Python comes out of toilet near Jane & St. Clair

It’s the stuff of urban legend, but a man’s encounter with a snake in his washroom was all too real.

Police officers from 12 Division were called to 220 Woolner Ave., near Jane and St. Clair, just before midnight Tuesday when a man reported a snake coming out of his toilet. That snake turned out to be a non-poisonous python.

“When I opened the [lid] I see the snake wrapped up and I closed it back and I called for help,” resident Ramdat Punwassie told CityNews.

Amazingly, he said he wasn’t frightened when he saw the snake curled up inside the toilet bowl.

By the time cops arrived the snake was in the bathtub.

“I just grabbed it behind the head and my wonderful partner here held open the pillowcase and we dropped it in,” Const. Nicole Jamieson said.

A water shut-off notice was posted on the building’s front doors reminding residents of plumbing repairs Wednesday.

The snake-in-the-toilet call was the second reptile report in the area Tuesday.

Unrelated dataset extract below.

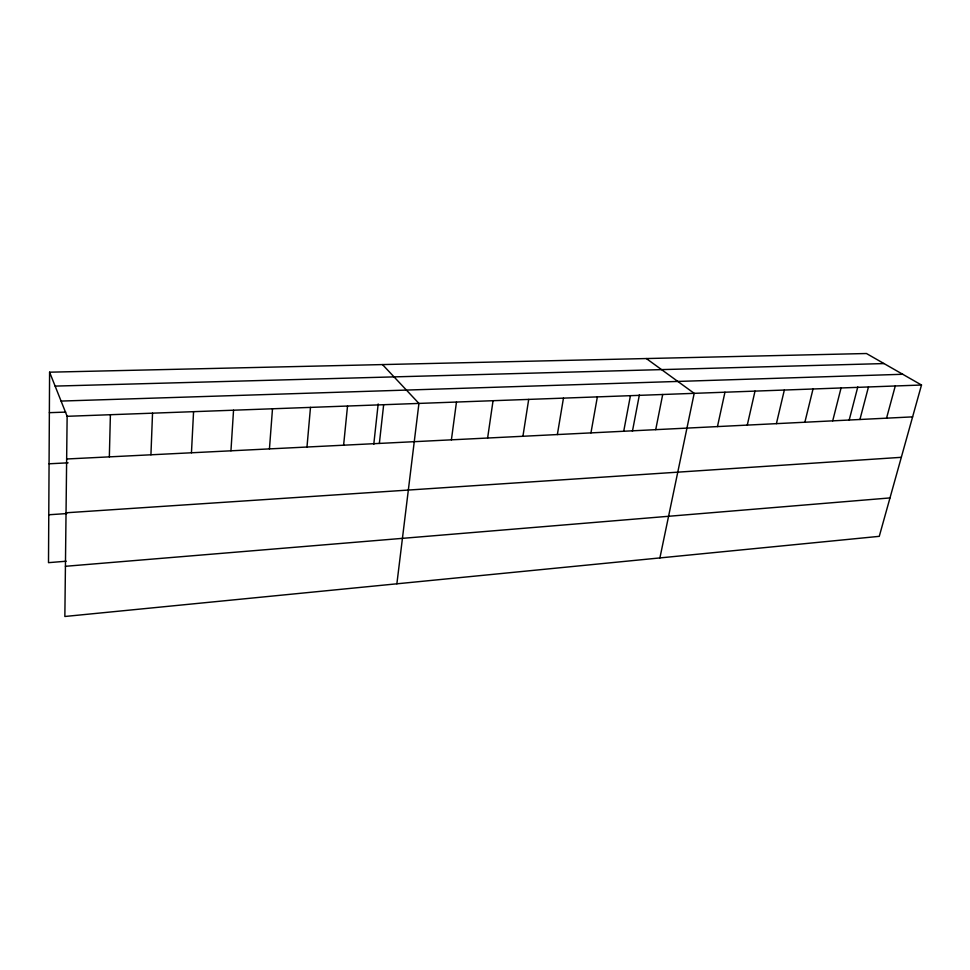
<?xml version="1.0" encoding="UTF-8"?>
<svg xmlns="http://www.w3.org/2000/svg" width="970" height="970" viewBox="0 0 970 970"><rect width="100%" height="100%" fill="white"/><g stroke="black" fill="none" stroke-linecap="round" stroke-linejoin="round"><path stroke-width="1.45" d="M49.591 372.189L67.136 416.3L64.857 616.483L879.269 536.337L921.5 385.017L866.452 353.516L49.591 372.189L48.5 562.661L66.178 561.218M109.343 456.87L110.398 414.711M150.932 454.797L152.532 413.171M191.454 452.784L193.563 411.668M230.945 450.808L233.54 410.213M269.442 448.892L272.497 408.782M306.981 447.024L310.485 407.388M343.61 445.206L347.527 406.03M373.765 444.381L378.179 403.969M379.355 443.423L383.659 404.708M396.875 583.807L418.931 403.423L382.495 364.575M451.402 439.834L456.47 402.041M487.619 438.028L493.051 400.707M522.927 436.27L528.698 399.397M557.362 434.56L563.461 398.124M590.948 432.887L597.362 396.888M623.722 431.25L630.427 395.675M632.428 431.274L639.424 394.669M655.72 429.661L662.704 394.499M659.903 557.92L694.193 393.335L646.335 358.548M717.461 426.582L724.954 392.219M747.276 425.103L754.999 391.116M776.4 423.647L784.342 390.037M804.87 422.229L813.03 388.994M832.709 420.847L841.063 387.964M849.138 420.265L857.795 386.909M859.929 419.489L868.465 386.957M886.556 418.167L895.274 385.975M65.426 566.298L889.987 497.925M66.033 512.79L901.324 457.319M48.779 514.767L66.736 513.567M66.651 458.992L912.612 416.87M49.07 463.793L68.106 462.823M67.136 416.3L921.5 385.017M49.361 412.674L65.73 412.104M61.086 401.071L902.718 374.274M55.12 386.096L884.01 363.568"/></g></svg>

Earlier in the day, around 1:50 a.m., a couple came home to their apartment down the street, at 190 Woolner Ave, and found a corn snake inside their home. The creature, which is not dangerous, apparently came in through a wall.

The same two officers, Jamieson and Const. Andrew Posluszny, responded to both reptile reports. They’ve given the creatures nicknames: Jesse and Dirk.

Both snakes were taken away by police and handed over to experts at Reptilia, a reptile zoo on Rutherford Road in Vaughan.

It’s not known where they came from.

“They are fairly popular pets…they are relatively placid and docile,”  Andre NGO, Zoo Manager at Reptilia said of the python.  “His big defence is actually rolling into a ball and hiding his head.  He’s pretty much harmless.”

These are among a number of similar incidents over the past few years in Toronto.

Back in 2006, an Egyptian cobra escaped from its enclosure and disappeared in a rooming house in Weston. The creature belonged to a man living there. Despite an exhaustive search, the reptile was never found.

It wasn’t the first time animal services had to visit that particular address. A viper was seized from the house around the same time as the cobra, and a crocodile was reportedly removed from the residence a year earlier.

In January 2010 police found several snakes, including a venomous viper, in a home near Queen Street East and Greenwood.

And in November 2010 a couple found two pythons in their Danforth and Coxwell area home in less than a month. The owner of the reptiles later stepped forward to claim his pets.